The failings of auditors came out strong when KPMG screwed up auditing Xerox – the time reversed echo of what HP is going through now (and I am typing this piece on a HP laptop! – conflict of interest, anyone?). Then, we have Tyco, Adelphi, WorldCom. “Investment bank analysts had become salesman – of their bank’s investment-banking services to their client’s stocks, both as IPOs and in the secondary market, to investors.”
But so far, I have not gone before 2002. Let me do that now, but try to be brief. “On Wall Street in the 19th and early 20th century stock fraud was not exceptional or even particularly reprehensible; indeed it was part of the system.” This is precisely what led me to write in my earlier post that, “[T]he system is designed to be vulnerable.”
“Most of the leading figures of the era of the ‘robber barons’ and beyond – Rockefeller, Vanderbilt, Gould, Drew, Fisk, Stanford, Morgan, Kennedy – made their fortunes through shameless scams and chicanery.” Whew, what a list, and not a complete one at that! Far surpasses the list of politicians currently on the dock in India!
The president of the New York Stock Exchange looted “the funds of … Exchange’s Gratuity Fund, a charitable endowment for the widows and orphans of deceased members, to the tune of $ 1 million [in the mid-1930s].” Again, time reversed echo and at far off place, the Kargil war widow affair.
The savings and loan scandal of the 1980s deserves a chapter by itself! I will give it in two sentences: “Charles Keating of Lincoln Savings and Loan of Irvine, California … ran the thrift into the ground, eventually costing US taxpayers $2.3 billion in in deposit insurance.”
Well, I have come to the end of this brief post. What I wanted to point out was that if it is the politicians who drive corruption in India, a specious claim, as the other side of the transaction is let off, it is the capitalists who do so in the US, equally specious as the politicians are let off. Remember, the narrative in the book stops on the far side of Leyman collapse and that would have added a couple of pages in the book, making the chapter a blacker swan.
It is a never ending saga. As far as there is capital there will be scams and scandals and corruption. As far as there is politics, of the democratic kind, there will be corruption. It can only be moderated / attenuated and never extirpated, no matter what is claimed by the aam aadmi or the Aam Aadmi Party.
Raghuram Ekambaram



2 comments:

Tomichan Matheikal said...

Isn't it the nexus between the politician and the capitalist that has driven corruption up the ladder? But we can't blame democracy for it, however. Weren't the kings corrupt too in their own ways?

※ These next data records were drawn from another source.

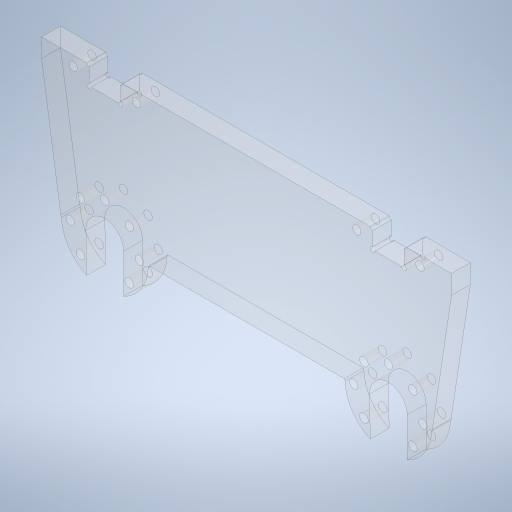
# Autodesk Inventor part: frame_pelvis_to_waist1
Saved by Autodesk Inventor 2024 (Build 280153000, 153)
## iProperties
Created: 2024-09-07
Part Number: frame_pelvis_to_waist1
Material: PMMA 플라스틱
Document SubType Name: Modeling
Designer: jmha0
Density: 1.188 g/cm^3
Appearance: 폴리카보네이트 - 선명
Author: jmha0
Autodesk Inventor part; units mm, degrees
ref_plane "YZ Plane" through (0, 0, 0) normal (1, 0, 0) x (0, 1, 0)
ref_plane "XZ Plane" through (0, 0, 0) normal (0, 1, 0) x (-1, 0, 0)
ref_plane "XY Plane" through (0, 0, 0) normal (0, 0, 1) x (1, 0, 0)
sketch "스케치1" plane through (0, 0, 0) normal (0, 0, 1) x (1, 0, 0)
  circle A0 centre (74.735, -11.0639) radius 1.35
  circle A1 centre (71.5132, -3.2858) radius 1.35
  circle A2 centre (55.9568, -3.2858) radius 1.35
  circle A3 centre (52.735, -11.0639) radius 1.35
  circle A4 centre (-18.6868, -3.2858) radius 1.35
  circle A5 centre (-15.465, -11.0639) radius 1.35
  circle A6 centre (-34.2432, -3.2858) radius 1.35
  circle A7 centre (-37.465, -11.0639) radius 1.35
  circle A8 centre (-26.465, -0.0639) radius 1.35
  circle A9 centre (63.735, -0.0639) radius 1.35
  line L0 (83.835, 28.9361) -> (83.835, 34.9361)
  line L1 (-46.565, 34.9361) -> (83.835, 34.9361)
  line L2 (-46.565, 28.9361) -> (-46.565, 34.9361)
  line L3 (-46.565, 28.9361) -> (-40.465, -11.0639)
  arc A10 (-40.465, -11.0639) -> (-33.915, -11.0639) centre (-37.19, -10.2275) ccw
  arc A11 (-19.015, -11.0639) -> (-33.915, -11.0639) centre (-26.465, -11.0639) ccw
  arc A12 (-19.015, -11.0639) -> (-12.465, -11.0639) centre (-15.74, -10.2126) ccw
  line L4 (-12.465, -11.0639) -> (49.735, -11.0639)
  arc A13 (49.735, -11.0639) -> (56.285, -11.0639) centre (53.01, -10.2275) ccw
  arc A14 (71.185, -11.0639) -> (56.285, -11.0639) centre (63.735, -11.0639) ccw
  arc A15 (71.185, -11.0639) -> (77.735, -11.0639) centre (74.46, -10.2126) ccw
  line L5 (77.735, -11.0639) -> (83.835, 28.9361)
  line L6 (-46.565, 28.9361) -> (83.835, 28.9361)
  circle A16 centre (-36.515, 31.9361) radius 1.35
  circle A17 centre (-16.415, 31.9361) radius 1.35
  circle A18 centre (73.785, 31.9361) radius 1.35
  circle A19 centre (53.685, 31.9361) radius 1.35
  point P0 (0, 0)
  point P1 (70.4566, 28.9361)
  dimension "d0" = 130.4
  dimension "d9" = 2.7
  dimension "d10" = 2.7
  dimension "d13" = 2.7
  dimension "d14" = 2.7
  dimension "d15" = 46
  constraints: 20 centre point, 14 end point, 12 point on circle, 1 horizontal
  measures "d0" distance of L1.start L0.end
  measures "d9" diameter of A16
  measures "d10" diameter of A17
  measures "d13" diameter of A18
  measures "d14" diameter of A19
  measures "d15" distance from line of A11.centre L1
extrude "돌출1" add sketch "스케치1" along normal blind 6
sketch "스케치2" plane through (0, 0, 6) normal (0, 0, 1) x (1, 0, 0)
  line L0 (83.835, 34.9361) -> (-46.565, 34.9361) projected
  line L1 (-46.565, 34.9361) -> (-46.565, 28.9361) projected
  line L2 (-46.565, 28.9361) -> (-40.465, -11.0639) projected
  arc A0 (-40.465, -11.0639) -> (-33.915, -11.0639) centre (-37.19, -10.2275) ccw projected
  arc A1 (-19.015, -11.0639) -> (-33.915, -11.0639) centre (-26.465, -11.0639) ccw projected
  arc A2 (-19.015, -11.0639) -> (-12.465, -11.0639) centre (-15.74, -10.2126) ccw projected
  line L3 (-12.465, -11.0639) -> (49.735, -11.0639) projected
  arc A3 (49.735, -11.0639) -> (56.285, -11.0639) centre (53.01, -10.2275) ccw projected
  arc A4 (71.185, -11.0639) -> (56.285, -11.0639) centre (63.735, -11.0639) ccw projected
  arc A5 (71.185, -11.0639) -> (77.735, -11.0639) centre (74.46, -10.2126) ccw projected
  line L4 (77.735, -11.0639) -> (83.835, 28.9361) projected
  line L5 (83.835, 28.9361) -> (83.835, 34.9361) projected
  circle A6 centre (74.735, -11.0639) radius 1.35 projected
  circle A7 centre (71.5132, -3.2858) radius 1.35 projected
  circle A8 centre (52.735, -11.0639) radius 1.35 projected
  circle A9 centre (55.9568, -3.2858) radius 1.35 projected
  circle A10 centre (-15.465, -11.0639) radius 1.35 projected
  circle A11 centre (-18.6868, -3.2858) radius 1.35 projected
  circle A12 centre (-37.465, -11.0639) radius 1.35 projected
  circle A13 centre (-34.2432, -3.2858) radius 1.35 projected
  circle A14 centre (-26.465, -0.0639) radius 1.35 projected
  circle A15 centre (63.735, -0.0639) radius 1.35 projected
  circle A16 centre (-36.515, 31.9361) radius 1.35 projected
  circle A17 centre (-16.415, 31.9361) radius 1.35 projected
  circle A18 centre (73.785, 31.9361) radius 1.35 projected
  circle A19 centre (53.685, 31.9361) radius 1.35 projected
  line L6 (-31.465, 28.9361) -> (-31.465, 34.9361)
  line L7 (-31.465, 34.9361) -> (-21.465, 34.9361)
  line L8 (-21.465, 34.9361) -> (-21.465, 28.9361)
  line L9 (-21.465, 28.9361) -> (-31.465, 28.9361)
  line L10 (-31.465, 28.9361) -> (-21.465, 34.9361) construction
  line L11 (-31.465, 34.9361) -> (-21.465, 28.9361) construction
  line L12 (58.735, 28.9361) -> (58.735, 34.9361)
  line L13 (58.735, 34.9361) -> (68.735, 34.9361)
  line L14 (68.735, 34.9361) -> (68.735, 28.9361)
  line L15 (68.735, 28.9361) -> (58.735, 28.9361)
  line L16 (58.735, 28.9361) -> (68.735, 34.9361) construction
  line L17 (58.735, 34.9361) -> (68.735, 28.9361) construction
  point P0 (0, 0)
  point P1 (-26.465, 31.9361)
  point P2 (63.735, 31.9361)
  dimension "d16" = 10
  dimension "d17" = 10
  constraints: 24 end point, 4 midpoint, 4 parallel, 4 perpendicular
  measures "d16" distance of L6.end L7.end
  measures "d17" distance of L12.end L13.end
extrude "돌출2" cut sketch "스케치2" against normal blind 10 contours L14 L15 L12 L0 | L8 L9 L6 L0
sketch "스케치3" plane through (0, 0, 6) normal (0, 0, 1) x (1, 0, 0)
  line L0 (58.735, 28.9361) -> (58.735, 34.9361) projected
  line L1 (58.735, 34.9361) -> (-21.465, 34.9361) projected
  line L2 (-21.465, 34.9361) -> (-21.465, 28.9361) projected
  line L3 (-21.465, 28.9361) -> (-31.465, 28.9361) projected
  line L4 (-31.465, 28.9361) -> (-31.465, 34.9361) projected
  line L5 (-31.465, 34.9361) -> (-46.565, 34.9361) projected
  line L6 (-46.565, 34.9361) -> (-46.565, 28.9361) projected
  line L7 (-46.565, 28.9361) -> (-40.465, -11.0639) projected
  arc A0 (-40.465, -11.0639) -> (-33.915, -11.0639) centre (-37.19, -10.2275) ccw projected
  arc A1 (-19.015, -11.0639) -> (-33.915, -11.0639) centre (-26.465, -11.0639) ccw projected
  arc A2 (-19.015, -11.0639) -> (-12.465, -11.0639) centre (-15.74, -10.2126) ccw projected
  line L8 (-12.465, -11.0639) -> (49.735, -11.0639) projected
  arc A3 (49.735, -11.0639) -> (56.285, -11.0639) centre (53.01, -10.2275) ccw projected
  arc A4 (71.185, -11.0639) -> (56.285, -11.0639) centre (63.735, -11.0639) ccw projected
  arc A5 (71.185, -11.0639) -> (77.735, -11.0639) centre (74.46, -10.2126) ccw projected
  line L9 (77.735, -11.0639) -> (83.835, 28.9361) projected
  line L10 (83.835, 28.9361) -> (83.835, 34.9361) projected
  line L11 (83.835, 34.9361) -> (68.735, 34.9361) projected
  line L12 (68.735, 34.9361) -> (68.735, 28.9361) projected
  line L13 (68.735, 28.9361) -> (58.735, 28.9361) projected
  circle A6 centre (74.735, -11.0639) radius 1.35 projected
  circle A7 centre (71.5132, -3.2858) radius 1.35 projected
  circle A8 centre (52.735, -11.0639) radius 1.35 projected
  circle A9 centre (55.9568, -3.2858) radius 1.35 projected
  circle A10 centre (-15.465, -11.0639) radius 1.35 projected
  circle A11 centre (-18.6868, -3.2858) radius 1.35 projected
  circle A12 centre (-37.465, -11.0639) radius 1.35 projected
  circle A13 centre (-34.2432, -3.2858) radius 1.35 projected
  circle A14 centre (-26.465, -0.0639) radius 1.35 projected
  circle A15 centre (63.735, -0.0639) radius 1.35 projected
  circle A16 centre (-36.515, 31.9361) radius 1.35 projected
  circle A17 centre (-16.415, 31.9361) radius 1.35 projected
  circle A18 centre (73.785, 31.9361) radius 1.35 projected
  circle A19 centre (53.685, 31.9361) radius 1.35 projected
  circle A20 centre (-31.465, 28.9361) radius 0.75
  circle A21 centre (-21.465, 28.9361) radius 0.75
  circle A22 centre (-31.465, 34.9361) radius 0.75
  circle A23 centre (-21.465, 34.9361) radius 0.75
  circle A24 centre (58.735, 28.9361) radius 0.75
  line L14 (58.735, 34.9361) -> (58.735, 28.9361) projected
  circle A25 centre (58.735, 34.9361) radius 0.75
  circle A26 centre (68.735, 34.9361) radius 0.75
  circle A27 centre (68.735, 28.9361) radius 0.75
  point P0 (0, 0)
  dimension "d20" = 1.5
  dimension "d21" = 1.5
  dimension "d22" = 1.5
  dimension "d23" = 1.5
  dimension "d24" = 1.5
  dimension "d25" = 1.5
  dimension "d26" = 1.5
  dimension "d27" = 1.5
  constraints: 8 centre point, 8 coincident
  measures "d20" diameter of A20
  measures "d21" diameter of A21
  measures "d22" diameter of A22
  measures "d23" diameter of A23
  measures "d24" diameter of A24
  measures "d25" diameter of A25
  measures "d26" diameter of A26
  measures "d27" diameter of A27
extrude "돌출3" cut sketch "스케치3" against normal blind 10 contours L13 A24 L0 | L0 A24 L13 | A25 L1 L0 | L0 L1 A25 | A27 L12 L13 | L13 L12 A27 | A23 L2 L1 | L1 L2 A23 | A26 L11 L12 | L12 L11 A26 | A21 L3 L2 | L2 L3 A21 | A20 L4 L3 | L3 L4 A20 | A22 L5 L4 | L4 L5 A22
sketch "스케치4" plane through (0, 0, 6) normal (0, 0, 1) x (1, 0, 0)
  line L0 (57.985, 34.9361) -> (-20.715, 34.9361) projected
  line L1 (57.985, 34.9361) -> (-20.715, 34.9361) projected
  line L2 (57.985, 34.9361) -> (-20.715, 34.9361) projected
  line L3 (57.985, 34.9361) -> (-20.715, 34.9361) projected
  line L4 (-12.465, -11.0639) -> (49.735, -11.0639) projected
  line L5 (-12.465, -11.0639) -> (49.735, -11.0639) projected
  line L6 (-12.465, -11.0639) -> (49.735, -11.0639) projected
  line L7 (-12.465, -11.0639) -> (49.735, -11.0639) projected
  arc A0 (-21.465, 34.1861) -> (-20.715, 34.9361) centre (-21.465, 34.9361) ccw projected
  line L8 (-21.465, 34.1861) -> (-21.465, 29.6861) projected
  arc A1 (-22.215, 28.9361) -> (-21.465, 29.6861) centre (-21.465, 28.9361) ccw projected
  line L9 (-22.215, 28.9361) -> (-30.715, 28.9361) projected
  arc A2 (-31.465, 29.6861) -> (-30.715, 28.9361) centre (-31.465, 28.9361) ccw projected
  line L10 (-31.465, 29.6861) -> (-31.465, 34.1861) projected
  arc A3 (-32.215, 34.9361) -> (-31.465, 34.1861) centre (-31.465, 34.9361) ccw projected
  line L11 (-32.215, 34.9361) -> (-46.565, 34.9361) projected
  line L12 (-46.565, 34.9361) -> (-46.565, 28.9361) projected
  line L13 (-46.565, 28.9361) -> (-40.465, -11.0639) projected
  arc A4 (-40.465, -11.0639) -> (-33.915, -11.0639) centre (-37.19, -10.2275) ccw projected
  arc A5 (-19.015, -11.0639) -> (-33.915, -11.0639) centre (-26.465, -11.0639) ccw projected
  arc A6 (-19.015, -11.0639) -> (-12.465, -11.0639) centre (-15.74, -10.2126) ccw projected
  line L14 (-12.465, -11.0639) -> (49.735, -11.0639) projected
  arc A7 (49.735, -11.0639) -> (56.285, -11.0639) centre (53.01, -10.2275) ccw projected
  arc A8 (71.185, -11.0639) -> (56.285, -11.0639) centre (63.735, -11.0639) ccw projected
  arc A9 (71.185, -11.0639) -> (77.735, -11.0639) centre (74.46, -10.2126) ccw projected
  line L15 (77.735, -11.0639) -> (83.835, 28.9361) projected
  line L16 (83.835, 28.9361) -> (83.835, 34.9361) projected
  line L17 (83.835, 34.9361) -> (69.485, 34.9361) projected
  arc A10 (68.735, 34.1861) -> (69.485, 34.9361) centre (68.735, 34.9361) ccw projected
  line L18 (68.735, 34.1861) -> (68.735, 29.6861) projected
  arc A11 (67.985, 28.9361) -> (68.735, 29.6861) centre (68.735, 28.9361) ccw projected
  line L19 (67.985, 28.9361) -> (59.485, 28.9361) projected
  arc A12 (58.735, 29.6861) -> (59.485, 28.9361) centre (58.735, 28.9361) ccw projected
  line L20 (58.735, 29.6861) -> (58.735, 34.1861) projected
  arc A13 (57.985, 34.9361) -> (58.735, 34.1861) centre (58.735, 34.9361) ccw projected
  line L21 (57.985, 34.9361) -> (-20.715, 34.9361) projected
  circle A14 centre (74.735, -11.0639) radius 1.35 projected
  circle A15 centre (71.5132, -3.2858) radius 1.35 projected
  circle A16 centre (52.735, -11.0639) radius 1.35 projected
  circle A17 centre (55.9568, -3.2858) radius 1.35 projected
  circle A18 centre (-15.465, -11.0639) radius 1.35 projected
  circle A19 centre (-18.6868, -3.2858) radius 1.35 projected
  circle A20 centre (-37.465, -11.0639) radius 1.35 projected
  circle A21 centre (-34.2432, -3.2858) radius 1.35 projected
  circle A22 centre (-26.465, -0.0639) radius 1.35 projected
  circle A23 centre (63.735, -0.0639) radius 1.35 projected
  circle A24 centre (-36.515, 31.9361) radius 1.35 projected
  circle A25 centre (-16.415, 31.9361) radius 1.35 projected
  circle A26 centre (73.785, 31.9361) radius 1.35 projected
  circle A27 centre (53.685, 31.9361) radius 1.35 projected
  circle A28 centre (74.735, -11.0639) radius 1.35 projected
  circle A29 centre (71.5132, -3.2858) radius 1.35 projected
  circle A30 centre (52.735, -11.0639) radius 1.35 projected
  circle A31 centre (55.9568, -3.2858) radius 1.35 projected
  circle A32 centre (-15.465, -11.0639) radius 1.35 projected
  circle A33 centre (-18.6868, -3.2858) radius 1.35 projected
  circle A34 centre (-37.465, -11.0639) radius 1.35 projected
  circle A35 centre (-34.2432, -3.2858) radius 1.35 projected
  circle A36 centre (-26.465, -0.0639) radius 1.35 projected
  circle A37 centre (63.735, -0.0639) radius 1.35 projected
  circle A38 centre (-36.515, 31.9361) radius 1.35 projected
  circle A39 centre (-16.415, 31.9361) radius 1.35 projected
  circle A40 centre (73.785, 31.9361) radius 1.35 projected
  circle A41 centre (53.685, 31.9361) radius 1.35 projected
  arc A42 (-21.465, 34.1861) -> (-20.715, 34.9361) centre (-21.465, 34.9361) ccw projected
  line L22 (57.985, 34.9361) -> (-20.715, 34.9361) projected
  arc A43 (57.985, 34.9361) -> (58.735, 34.1861) centre (58.735, 34.9361) ccw projected
  line L23 (58.735, 34.1861) -> (58.735, 29.6861) projected
  arc A44 (58.735, 29.6861) -> (59.485, 28.9361) centre (58.735, 28.9361) ccw projected
  line L24 (59.485, 28.9361) -> (67.985, 28.9361) projected
  arc A45 (67.985, 28.9361) -> (68.735, 29.6861) centre (68.735, 28.9361) ccw projected
  line L25 (68.735, 29.6861) -> (68.735, 34.1861) projected
  arc A46 (68.735, 34.1861) -> (69.485, 34.9361) centre (68.735, 34.9361) ccw projected
  line L26 (83.835, 34.9361) -> (69.485, 34.9361) projected
  line L27 (83.835, 28.9361) -> (83.835, 34.9361) projected
  line L28 (77.735, -11.0639) -> (83.835, 28.9361) projected
  arc A47 (71.185, -11.0639) -> (77.735, -11.0639) centre (74.46, -10.2126) ccw projected
  arc A48 (71.185, -11.0639) -> (56.285, -11.0639) centre (63.735, -11.0639) ccw projected
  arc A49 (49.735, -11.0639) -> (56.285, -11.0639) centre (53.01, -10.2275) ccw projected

My vote in the next elections is guaranteed for the Aam Aadmi Party. Why not give them a chance?

mandakolathur said...

Matheikal, I would like to take issue with you here. Governance is not merely absence of corruption, very narrowly defined. What does AAP say about how the rules of governance are framed and who frames them? Unless AAP comes clear on these, even in the sense of an overarching framework, I would ignore it.

We cannot blame democracy for corruption, I agree. But, democratic governance seems to have been designed to look the other way. Please read my post prior to this one, on democratic corruption (I feel that you have done that and this comment arches over both; but, just in case you have not).